The Bottom Line: A New Drug, Same Old Questions

So where does this leave us? The FDA donanemap approval is a fact, not a debate. But the debate is only beginning. For every patient who might gain six months of clearer thinking, there is another who might end up in the ICU with a brain bleed. For every researcher who sees this as validation of the amyloid hypothesis, there is a skeptic who sees it as another expensive detour. And for every dollar spent on donanemab infusions and MRIs, that is a dollar not spent on lifestyle interventions, caregiver support, or more innovative trials targeting tau or neuroinflammation.

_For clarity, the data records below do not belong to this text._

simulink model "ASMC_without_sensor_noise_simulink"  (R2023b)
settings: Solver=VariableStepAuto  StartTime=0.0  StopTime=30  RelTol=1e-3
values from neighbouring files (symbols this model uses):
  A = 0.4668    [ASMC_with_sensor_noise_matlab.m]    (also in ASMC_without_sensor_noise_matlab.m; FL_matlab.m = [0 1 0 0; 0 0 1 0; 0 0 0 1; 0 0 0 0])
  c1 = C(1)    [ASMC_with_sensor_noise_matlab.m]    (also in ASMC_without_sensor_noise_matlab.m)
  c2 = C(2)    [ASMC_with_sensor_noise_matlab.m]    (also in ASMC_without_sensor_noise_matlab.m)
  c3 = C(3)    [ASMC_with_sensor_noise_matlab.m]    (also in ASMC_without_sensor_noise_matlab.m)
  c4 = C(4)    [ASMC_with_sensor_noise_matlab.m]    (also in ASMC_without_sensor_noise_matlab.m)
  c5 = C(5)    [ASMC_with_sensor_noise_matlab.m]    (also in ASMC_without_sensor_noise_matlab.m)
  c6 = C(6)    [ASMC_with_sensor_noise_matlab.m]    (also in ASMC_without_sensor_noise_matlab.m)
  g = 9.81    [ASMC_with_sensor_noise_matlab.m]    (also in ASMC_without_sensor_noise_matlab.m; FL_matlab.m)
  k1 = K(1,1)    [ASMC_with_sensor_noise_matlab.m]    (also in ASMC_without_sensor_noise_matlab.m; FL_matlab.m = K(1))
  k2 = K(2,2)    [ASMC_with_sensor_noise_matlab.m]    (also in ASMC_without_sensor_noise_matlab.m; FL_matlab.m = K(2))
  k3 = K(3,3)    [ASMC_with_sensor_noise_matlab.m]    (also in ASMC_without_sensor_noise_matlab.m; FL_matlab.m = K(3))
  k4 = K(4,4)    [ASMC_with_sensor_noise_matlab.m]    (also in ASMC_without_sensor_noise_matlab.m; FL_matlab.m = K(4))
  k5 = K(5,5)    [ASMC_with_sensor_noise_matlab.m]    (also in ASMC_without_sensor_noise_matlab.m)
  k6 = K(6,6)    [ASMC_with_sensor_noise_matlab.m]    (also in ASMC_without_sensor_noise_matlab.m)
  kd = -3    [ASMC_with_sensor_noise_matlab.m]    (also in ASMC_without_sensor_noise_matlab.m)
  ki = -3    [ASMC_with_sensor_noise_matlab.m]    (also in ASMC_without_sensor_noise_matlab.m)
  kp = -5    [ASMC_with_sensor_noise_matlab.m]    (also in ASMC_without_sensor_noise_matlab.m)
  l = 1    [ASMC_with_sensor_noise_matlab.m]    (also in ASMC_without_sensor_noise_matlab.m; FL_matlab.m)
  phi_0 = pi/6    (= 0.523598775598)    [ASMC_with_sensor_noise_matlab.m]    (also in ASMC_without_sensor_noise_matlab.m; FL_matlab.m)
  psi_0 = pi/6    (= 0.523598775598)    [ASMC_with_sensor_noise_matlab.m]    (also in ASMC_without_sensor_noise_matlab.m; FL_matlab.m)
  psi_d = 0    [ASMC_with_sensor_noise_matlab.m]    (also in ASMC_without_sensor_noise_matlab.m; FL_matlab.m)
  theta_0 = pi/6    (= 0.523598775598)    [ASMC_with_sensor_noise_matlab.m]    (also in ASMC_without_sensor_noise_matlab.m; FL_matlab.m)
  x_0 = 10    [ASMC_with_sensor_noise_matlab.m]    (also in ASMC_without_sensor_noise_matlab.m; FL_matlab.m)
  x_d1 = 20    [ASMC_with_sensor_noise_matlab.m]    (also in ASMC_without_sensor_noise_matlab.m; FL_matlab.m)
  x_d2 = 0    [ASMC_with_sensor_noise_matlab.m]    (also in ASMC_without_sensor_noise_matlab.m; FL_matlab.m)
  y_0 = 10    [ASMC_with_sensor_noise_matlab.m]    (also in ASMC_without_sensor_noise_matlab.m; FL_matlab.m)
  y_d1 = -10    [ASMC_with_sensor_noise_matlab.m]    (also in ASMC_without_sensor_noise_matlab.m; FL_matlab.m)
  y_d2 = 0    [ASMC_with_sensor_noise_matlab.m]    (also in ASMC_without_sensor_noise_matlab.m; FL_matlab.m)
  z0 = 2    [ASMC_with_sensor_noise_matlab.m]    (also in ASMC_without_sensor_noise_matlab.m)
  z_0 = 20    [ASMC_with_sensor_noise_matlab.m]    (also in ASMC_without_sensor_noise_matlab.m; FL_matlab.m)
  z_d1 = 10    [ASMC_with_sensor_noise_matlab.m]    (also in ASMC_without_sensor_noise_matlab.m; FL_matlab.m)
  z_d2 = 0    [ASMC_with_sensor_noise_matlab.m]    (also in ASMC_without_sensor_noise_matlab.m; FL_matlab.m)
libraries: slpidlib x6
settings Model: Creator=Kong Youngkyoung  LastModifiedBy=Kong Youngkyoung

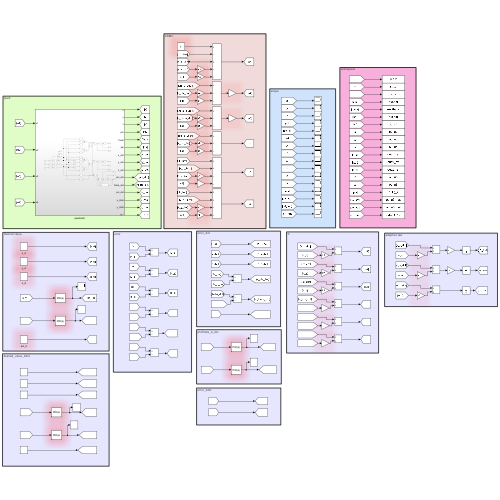
[thumbnail: Simulink's stored preview of the top-level diagram]
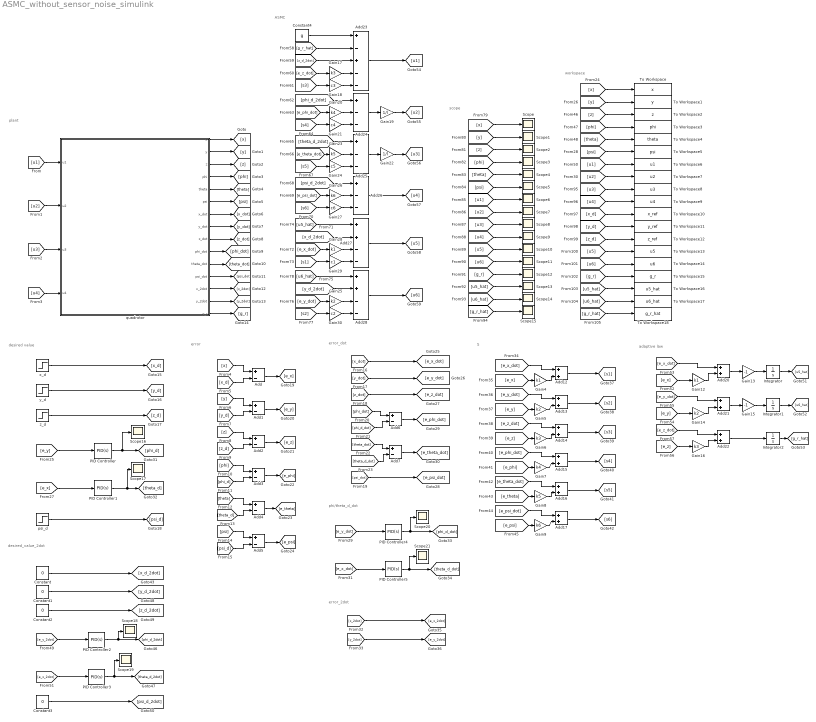
== system ASMC_without_sensor_noise_simulink ==
  note: scope
  note: ASMC
  note: adaptive law
  note: desired_value_2dot
  note: S
  note: error_2dot
  note: phi/theta_d_dot
  note: error_dot
  note: error
  note: desired value
  note: plant
  note: workspace
  Add{,1..7} (8 alike) : Sum  Inputs=+-
  Add{12..17,20..22} (9 alike) : Sum
  Add23 : Sum  Inputs=+-+--
  Add24 : Sum  Inputs=+--
  Add25 : Sum  Inputs=+--
  Add26 : Sum  Inputs=+--
  Add27 : Sum  Inputs=++--
  Add28 : Sum  Inputs=++--
  Constant{,1..3} (4 alike) : Constant  Value=0
  Constant4 : Constant  Value=g
  Gain12 : Gain  Gain=k1
  Gain13 : Gain  Gain=-1
  Gain14 : Gain  Gain=k2
  Gain15 : Gain  Gain=-1
  Gain16 : Gain  Gain=k3
  Gain17 : Gain  Gain=k3
  Gain18 : Gain  Gain=c3
  Gain19 : Gain  Gain=1/l
  Gain20 : Gain  Gain=k4
  Gain21 : Gain  Gain=c4
  Gain22 : Gain  Gain=1/l
  Gain23 : Gain  Gain=k5
  Gain24 : Gain  Gain=c5
  Gain25 : Gain  Gain=k2
  Gain26 : Gain  Gain=k6
  Gain27 : Gain  Gain=c6
  Gain28 : Gain  Gain=k1
  Gain29 : Gain  Gain=c1
  Gain30 : Gain  Gain=c2
  Gain4 : Gain  Gain=k1
  Gain5 : Gain  Gain=k2
  Gain6 : Gain  Gain=k3
  Gain7 : Gain  Gain=k4
  Gain8 : Gain  Gain=k5
  Gain9 : Gain  Gain=k6
  Integrator : Integrator
  Integrator1 : Integrator
  Integrator2 : Integrator
  PID Controller{,1..5} (6 alike) : slpidlib/PID Controller  Controller=PID  Form=Parallel  TimeDomain=Continuous-time  UseExternalTs=off  SampleTime=-1  IntegratorMethod=Forward Euler  FilterMethod=Forward Euler  ControllerParametersSource=internal  P=kp  I=ki  UseKiTs=off  D=kd  N=100  UseFilter=on  TunerSelectOption=Transfer Function Based (PID Tuner App)  InitialConditionSource=internal  InitialConditionForIntegrator=0  InitialConditionForFilter=0  DifferentiatorICPrevScaledInput=0  ExternalReset=none  TrackingMode=off  Kt=1  LimitOutput=off  SatLimitsSource=internal  UpperSaturationLimit=inf  LowerSaturationLimit=-inf  LinearizeAsGain=on  AntiWindupMode=none  Kb=1  LimitIntegrator=off  UpperIntegratorSaturationLimit=inf  LowerIntegratorSaturationLimit=-inf  POutMin=[]  POutMax=[]  IOutMin=[]  IOutMax=[]  DOutMin=[]  DOutMax=[]  NOutMin=[]  NOutMax=[]  SumOutMin=[]  SumOutMax=[]  SaturationOutMin=[]  SaturationOutMax=[]  PParamMin=[]  PParamMax=[]  IParamMin=[]  IParamMax=[]  DParamMin=[]  DParamMax=[]  NParamMin=[]  NParamMax=[]  KbParamMin=[]  KbParamMax=[]  KtParamMin=[]  KtParamMax=[]  KbOutMin=[]  KbOutMax=[]  KtOutMin=[]  KtOutMax=[]  IntegratorOutMin=[]  IntegratorOutMax=[]  FilterOutMin=[]  FilterOutMax=[]  SumI1OutMin=[]  SumI1OutMax=[]  SumI2OutMin=[]  SumI2OutMax=[]  SumI3OutMin=[]  SumI3OutMax=[]  SumI4OutMin=[]  SumI4OutMax=[]  SumDOutMin=[]  SumDOutMax=[]  DifferentiatorOutMin=[]  DifferentiatorOutMax=[]  FilterDiffOutCoefMin=[]  FilterDiffOutCoefMax=[]  ReciprocalOutMin=[]  ReciprocalOutMax=[]  SumDenOutMin=[]  SumDenOutMax=[]  SumNumOutMin=[]  SumNumOutMax=[]  DivideOutMin=[]  DivideOutMax=[]  UdiffTsProdOutMin=[]  UdiffTsProdOutMax=[]  NTsProdOutMin=[]  NTsProdOutMax=[]  UintegralTsProdOutMin=[]  UintegralTsProdOutMax=[]  UngainTsProdOutMin=[]  UngainTsProdOutMax=[]  ClampingZeroOutDataTypeStr=Inherit: Inherit via back propagation  ClampingZeroOutMin=[]  ClampingZeroOutMax=[]  FilterDenConstantOutDataTypeStr=Inherit: Inherit via back propagation  FilterDenConstantOutMin=[]  FilterDenConstantOutMax=[]  PCopyOutDataTypeStr=Inherit: Inherit via back propagation  PCopyOutMin=[]  PCopyOutMax=[]  NCopyOutDataTypeStr=Inherit: Inherit via back propagation  NCopyOutMin=[]  NCopyOutMax=[]  IntegratorContinuousStateAttributes=''  IntegratorStateMustResolveToSignalObject=off  IntegratorRTWStateStorageClass=Auto  FilterContinuousStateAttributes=''  FilterStateMustResolveToSignalObject=off  FilterRTWStateStorageClass=Auto  ParallelPVariant=InternalParameters  IdealPVariant=Disabled  IVariant=InternalParameters  DVariant=InternalParameters  IntegratorVariant=Continuous  SatVariant=Disabled  AWVariant=Passthrough  PCopyVariant=Disabled  TRVariant=Disabled  FdbkBlocksVariant=Forward  IdealPFdbkVariant=Disabled  SatFdbkVariant=Disabled  DerivativeFilterVariant=ContFilter  NVariant=InternalParameters  NCopyVariant=Disabled  FilterICVariant=InternalICsFilter  IntegratorICVariant=InternalICs  ExternalResetVariant=Disabled  TRSumVariant=Passthrough  SumFdbkVariant=Disabled  SumVariant=Sum_PID  TsampFilterVariant=InternalTs  TsampNgainVariant=Passthrough  TsampIntegralVariant=Disabled_SignalSpec  ExternalSaturationOutDataTypeStr=Inherit: Same as second input
  Scope{,1..21} (22 alike) : Scope
  To Workspace : ToWorkspace  VariableName=x  SaveFormat=Timeseries  SampleTime=-1
  To Workspace1 : ToWorkspace  VariableName=y  SaveFormat=Timeseries  SampleTime=-1
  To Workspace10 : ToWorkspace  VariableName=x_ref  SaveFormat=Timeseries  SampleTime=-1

The drug is here. It will be prescribed. Some patients will improve, some will get hurt, and many will simply wonder if they made the right call. In the end, the story of the FDA donanemap approval is not a story of triumph or failure. It is a story of uncertainty, dressed up in press releases and TV sound bites. And uncertainty, as any seasoned journalist will tell you, is the one thing that never goes off patent.

Frequently Asked Questions

What is donanemab?

Donanemab is an investigational antibody therapy for Alzheimer's disease that targets amyloid beta plaques.

Why is FDA approval of donanemab significant?

It offers a new treatment option for early Alzheimer's, potentially slowing cognitive decline.

How does donanemab differ from other Alzheimer's drugs?

It targets a specific form of amyloid beta and has shown a significant reduction in plaques in trials.

What are the main side effects of donanemab?

Common side effects include amyloid-related imaging abnormalities (ARIA), such as brain swelling or microhemorrhages.

Who is eligible for donanemab treatment?

Patients with mild cognitive impairment or mild dementia due to Alzheimer's, confirmed by amyloid PET scans.